Membership may have its privileges, but American Express is finding out that members of the Millennial Generation do not consider feeling snooty as a privilege.
As a credit card and as a symbol of refinement by means of wealth, American Express has long been associated with the moneyed class and the jet set, and this association can be explained by the company’s marketing and branding efforts over the last few decades. Unfortunately, this marketing image seems to have backfired in relation to appealing to millennials.
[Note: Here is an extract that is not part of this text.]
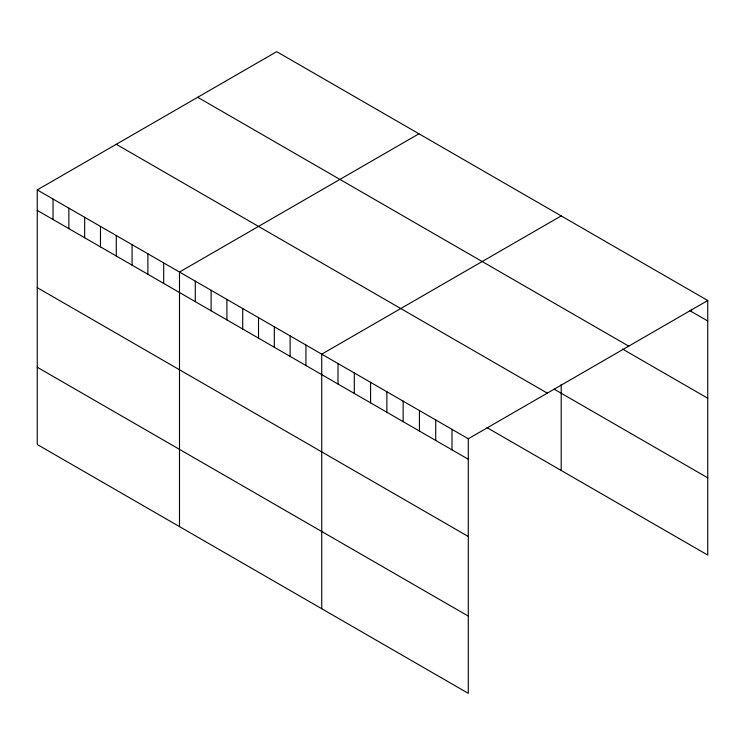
<?xml version="1.0" encoding="UTF-8"?>
<svg xmlns="http://www.w3.org/2000/svg" width="745" height="745" viewBox="0 0 745 745"><rect width="100%" height="100%" fill="white"/><g stroke="black" fill="none" stroke-linecap="round" stroke-linejoin="round"><path stroke-width="1.12" d="M37.25 189.919L468.288 438.768L468.288 693.334L37.25 444.486L37.25 189.919L276.712 51.666L707.75 300.514L707.75 555.081L487.118 427.704M418.96 133.783L179.489 272.037L179.489 526.603M561.199 215.91L321.738 354.164L321.738 608.73M468.288 438.768L707.75 300.514M689.553 310.497L707.75 321.002M197.695 97.288L628.724 346.146M622.503 349.033L707.75 398.249M554.28 389.235L707.75 477.834M116.276 144.288L547.305 393.146M37.25 210.397L468.288 459.255M37.25 287.644L468.288 536.502M37.25 367.238L468.288 616.087M691.462 309.324L691.462 311.596M561.199 384.383L561.199 470.477M452.001 429.371L452.001 449.85M435.723 419.966L435.723 440.453M419.435 410.57L419.435 431.048M403.147 401.164L403.147 421.651M386.869 391.768L386.869 412.246M370.582 382.362L370.582 402.849M354.303 372.966L354.303 393.444M338.016 363.56L338.016 384.048M305.925 345.037L305.925 365.516M290.122 335.911L290.122 356.389M274.318 326.785L274.318 347.272M258.515 317.659L258.515 338.146M242.712 308.542L242.712 329.02M226.908 299.416L226.908 319.894M211.105 290.289L211.105 310.767M195.292 281.163L195.292 301.641M163.686 262.911L163.686 283.398M147.883 253.794L147.883 274.272M132.079 244.667L132.079 265.146M116.276 235.541L116.276 256.019M100.473 226.415L100.473 246.893M84.66 217.289L84.66 237.776M68.857 208.162L68.857 228.65M53.053 199.036L53.053 219.524"/></g></svg>

A recent article in The New York Times illustrated the woes currently experienced by the legendary credit card company, which is trying its best to attract millennials, particularly those that have made their fortunes at an early age and would be eager to travel the world and spend at their leisure. It so happens that young and wealthy are more likely to leave home without Amex cards because they fear that they may be labeled as snobs.
The New York Times article explains that a competing credit card issuer held a focus group by inviting millennial professionals to dinner at an expensive restaurant. These are the kind of cardholders that Amex would drool over; however, there was a surprise at the end of the meal when the focus group participants were casually asked which credit they would use to pay for the meal. Right off the bat, a diner explained that flashing an American Express card was out of the question because it would seem as a blusterous act of braggadocio.
The other millennials in attendance at the dinner agreed that using Amex for payment would send an unwanted message, one that screams “look at me: I’m rich!” To drive the dagger even deeper and twist it, one of the dinner guests said that he would prefer to pay with a Chase Sapphire Reserve card, clearly a better choice among millennial cardholders.
What Chase has accomplished with its Sapphire Reserve product is exactly what Amex would like: capture the attention of young cardholders. The problem is that Amex is no longer considered cool; young consumers are not particularly interested in being lumped with the “one percent.” The Chase Sapphire, on the other hand, is heavily marketed on social media and offers benefits that speak to the Millennial Generation. In other words, Amex will likely need to change its image for the purpose of becoming cool again.